The final entries are the actual debug entry information. These will contain the function (API) and the description entered in there. Some may contain some or all of the variable values that were being used. Therein lies some of the value you may find in looking at this log sometimes.
In the issue I’ve described this log was interesting for two general reasons. First, the list of calls being done and the order they are being done suggests that we are trying a S4ULogon using a service ticket that has been received. Second, the principal, or user, name being passed is some permutation of billybob@craziness, rather than deriving it from that user name.
What do I mean by that?
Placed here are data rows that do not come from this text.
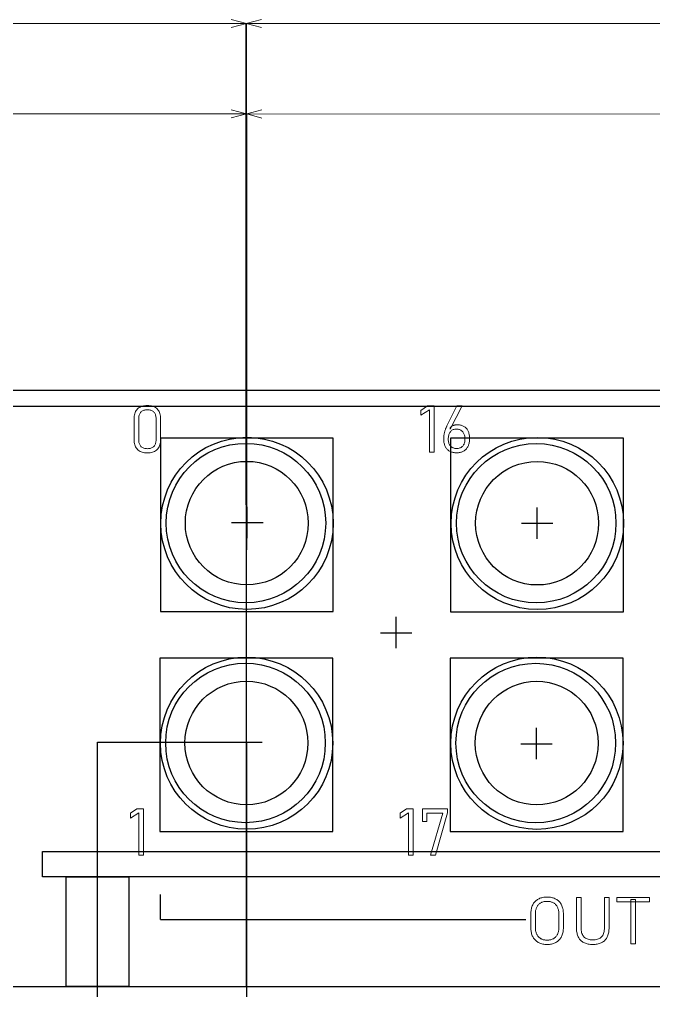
# Model space of a CAD drawing. Extents: x 47 to 362, y 46 to 259.
# Drawn here: x 109 to 149.4, y 86.4 to 148.3 of the extents above; entities that cross this region are included whole.
import ezdxf

# ---------------------------------------------------------------- set-up
doc = ezdxf.new("R2010")
doc.units = 0
for name, color, linetype in [('CAM1', 134, 'continuous'), ('CAM4', 7, 'continuous'), ('Work', 6, 'continuous')]:
    doc.layers.add(name, color=color, linetype=linetype)

msp = doc.modelspace()

# ---------------------------------------------------------------- linework, layer by layer
at = {"layer": 'CAM1', "linetype": 'continuous'}
for p, q in [((123.493287100057, 117.249961438317), (123.493287100057, 115.248810821026)), ((141.954902374878, 117.205728581458), (141.954902374878, 115.204577964168)), ((122.514622199631, 116.242082660265), (124.515772816921, 116.242082660265)), ((140.976237474452, 116.197849803407), (142.977388091742, 116.197849803407)), ((132.973764962549, 110.224711333282), (132.973764962549, 108.223560715991)), ((131.995100062123, 109.21683255523), (133.996250679413, 109.21683255523)), ((123.435082951641, 103.237734764152), (123.435082951641, 101.236584146861)), ((141.926053644228, 103.145662941967), (141.926053644228, 101.144512324677)), ((122.456418051215, 102.2298559861), (124.457568668505, 102.2298559861)), ((140.947388743801, 102.137784163916), (142.948539361091, 102.137784163916)), ((117.958808835778, 92.533690378755), (117.954637903211, 90.9322321785796)), ((141.258648263428, 90.916898068629), (117.976091092822, 90.916898068629))]:
    msp.add_line(p, q, dxfattribs=at)
at = {"layer": 'CAM1', "linetype": 'continuous', "lineweight": 0}
for points in [[(117.145889278409, 120.676103872519), (117.145889278409, 120.676103872519), (117.056335094596, 120.67884461326), (116.971678030124, 120.687066835482), (116.891926315446, 120.700770539186), (116.817088181015, 120.719955724371), (116.747171857284, 120.744622391038), (116.682185574705, 120.774770539186), (116.622137563731, 120.810400168815), (116.567036054815, 120.851511279926), (116.516889278409, 120.898103872519), (116.516889278409, 120.898103872519), (116.471853613114, 120.949586725743), (116.432085437531, 121.005374105715), (116.397592982113, 121.065474242889), (116.368384477312, 121.129895367718), (116.344468153581, 121.198645710653), (116.325852241372, 121.271733502149), (116.312544971139, 121.349166972656), (116.304554573334, 121.430954352629), (116.301889278409, 121.517103872519), (116.301889278409, 122.861103872519), (116.301889278409, 122.861103872519), (116.304555945076, 122.947551060448), (116.312555945076, 123.029570264837), (116.325889278409, 123.107177946593), (116.344555945076, 123.180390566621), (116.368555945076, 123.249224585825), (116.397889278409, 123.313696465112), (116.432555945076, 123.373822665386), (116.472555945076, 123.429619647553), (116.517889278409, 123.481103872519), (116.517889278409, 123.481103872519), (116.568298057559, 123.52736450352), (116.623529881976, 123.568151883493), (116.683592982113, 123.603474242889), (116.748495588423, 123.633339812162), (116.818245931358, 123.657756821765), (116.892852241372, 123.676733502149), (116.972322748917, 123.690278083767), (117.056665684445, 123.698398797073), (117.145889278409, 123.701103872519), (117.145889278409, 123.701103872519), (117.235741130261, 123.698400168815), (117.32063001915, 123.690289057704), (117.400555945076, 123.676770539186), (117.475518908039, 123.65784461326), (117.545518908039, 123.633511279926), (117.610555945076, 123.603770539186), (117.67063001915, 123.568622391038), (117.725741130261, 123.528066835482), (117.775889278409, 123.482103872519), (117.775889278409, 123.482103872519), (117.820924943704, 123.430881650297), (117.860693119287, 123.37521498363), (117.895185574705, 123.315103872519), (117.924394079506, 123.250548316963), (117.948310403238, 123.181548316963), (117.966926315446, 123.108103872519), (117.980233585679, 123.03021498363), (117.988223983484, 122.947881650297), (117.990889278409, 122.861103872519), (117.990889278409, 121.517103872519), (117.990889278409, 121.517103872519), (117.988222611742, 121.43062376278), (117.980222611742, 121.348522253863), (117.966889278409, 121.270807576223), (117.948222611742, 121.19748796031), (117.924222611742, 121.128571636579), (117.894889278409, 121.064066835482), (117.860222611742, 121.003981787471), (117.820222611742, 120.948324722999), (117.774889278409, 120.897103872519), (117.774889278409, 120.897103872519), (117.724479127517, 120.850808947965), (117.669237700906, 120.809929661271), (117.609148537668, 120.774474242889), (117.5441951769, 120.744450923273), (117.474361157696, 120.719867932876), (117.39963001915, 120.700733502149), (117.319985300357, 120.687055861545), (117.235410540412, 120.678843241518), (117.145889278409, 120.676103872519), (117.145889278409, 120.676103872519)], [(117.145889278409, 120.949103872519), (117.145889278409, 120.949103872519), (117.207037426557, 120.950918687334), (117.264481871002, 120.956363131778), (117.318222611742, 120.965437205852), (117.368259648779, 120.978140909556), (117.414592982113, 120.994474242889), (117.457222611742, 121.014437205852), (117.496148537668, 121.038029798445), (117.531370759891, 121.065252020667), (117.562889278409, 121.096103872519), (117.562889278409, 121.096103872519), (117.591222611742, 121.13062376278), (117.616222611742, 121.16818892053), (117.637889278409, 121.208807576223), (117.656222611742, 121.25248796031), (117.671222611742, 121.299238303246), (117.682889278409, 121.349066835482), (117.691222611742, 121.401981787471), (117.696222611742, 121.457991389666), (117.697889278409, 121.517103872519), (117.697889278409, 122.861103872519), (117.697889278409, 122.861103872519), (117.696222611742, 122.920545573479), (117.691222611742, 122.976859702423), (117.682889278409, 123.030029798445), (117.671222611742, 123.08003940064), (117.656222611742, 123.126872048102), (117.637889278409, 123.170511279926), (117.616222611742, 123.210940635208), (117.591222611742, 123.24814365304), (117.562889278409, 123.282103872519), (117.562889278409, 123.282103872519), (117.531370759891, 123.312955724371), (117.496148537668, 123.340177946593), (117.457222611742, 123.363770539186), (117.414592982113, 123.383733502149), (117.368259648779, 123.400066835482), (117.318222611742, 123.412770539186), (117.264481871002, 123.42184461326), (117.207037426557, 123.427289057704), (117.145889278409, 123.429103872519), (117.145889278409, 123.429103872519), (117.085037426557, 123.427289057704), (117.027815204335, 123.42184461326), (116.974222611742, 123.412770539186), (116.924259648779, 123.400066835482), (116.877926315446, 123.383733502149), (116.835222611742, 123.363770539186), (116.796148537668, 123.340177946593), (116.760704093224, 123.312955724371), (116.728889278409, 123.282103872519), (116.728889278409, 123.282103872519), (116.700853613114, 123.24814365304), (116.676085437531, 123.210940635208), (116.654592982113, 123.170511279926), (116.636384477312, 123.126872048102), (116.621468153581, 123.08003940064), (116.609852241372, 123.030029798445), (116.601544971139, 122.976859702423), (116.596554573334, 122.920545573479), (116.594889278409, 122.861103872519), (116.594889278409, 121.517103872519), (116.594889278409, 121.517103872519), (116.596554573334, 121.457991389666), (116.601544971139, 121.401981787471), (116.609852241372, 121.349066835482), (116.621468153581, 121.299238303246), (116.636384477312, 121.25248796031), (116.654592982113, 121.208807576223), (116.676085437531, 121.16818892053), (116.700853613114, 121.13062376278), (116.728889278409, 121.096103872519), (116.728889278409, 121.096103872519), (116.760704093224, 121.065252020667), (116.796148537668, 121.038029798445), (116.835222611742, 121.014437205852), (116.877926315446, 120.994474242889), (116.924259648779, 120.978140909556), (116.974222611742, 120.965437205852), (117.027815204335, 120.956363131778), (117.085037426557, 120.950918687334), (117.145889278409, 120.949103872519), (117.145889278409, 120.949103872519)], [(135.417164099214, 120.71604631855), (135.124164099214, 120.71604631855), (135.124164099214, 123.42504631855), (134.581164099214, 123.08604631855), (134.581164099214, 123.39304631855), (135.002164099214, 123.67404631855), (135.417164099214, 123.67404631855), (135.417164099214, 120.71604631855)], [(136.851164099214, 120.68504631855), (136.851164099214, 120.68504631855), (136.794124318693, 120.686342614846), (136.738994003192, 120.690231503735), (136.685756691806, 120.696712985217), (136.634395923631, 120.705787059291), (136.58489523776, 120.717453725957), (136.537238173288, 120.731712985217), (136.49140826931, 120.748564837068), (136.44738906492, 120.768009281513), (136.405164099214, 120.79004631855), (136.405164099214, 120.79004631855), (136.36523954503, 120.814563465326), (136.327471369447, 120.84144275202), (136.291867802918, 120.87067594818), (136.258437075894, 120.902254823351), (136.22718741883, 120.936171147082), (136.198127062177, 120.97241668892), (136.171264236388, 121.010983218413), (136.146607171916, 121.051862505107), (136.124164099214, 121.09504631855), (136.124164099214, 121.09504631855), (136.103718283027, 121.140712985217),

A user of the UPN billybob@craziness may also be represented as crazinessbillybob or similar. You don’t typically see the principal represented like billybob@craziness@DOMAIN1 or (null)billybob@craziness. These are not names that can be parsed out and used to contact a domain controller and request services for. They are munged.
In this issue, knowing what the problem is half the battle (sorry for the GI Joe reference). For the above issue, it let our partner know that they needed to workaround this problem by adding a routine that does a name lookup on the user and then passes it to the authentication layer un-munged.
Why is this interesting to you? If you have a complex, customized single sign on scenario, and you are darned certain you’ve verified the configuration steps have been done well (outlined in the troubleshooting Kerberos delegation whitepaper) then review your network traces and lsass.log. Maybe you’re seeing a similar behavior. And knowing is half the battle.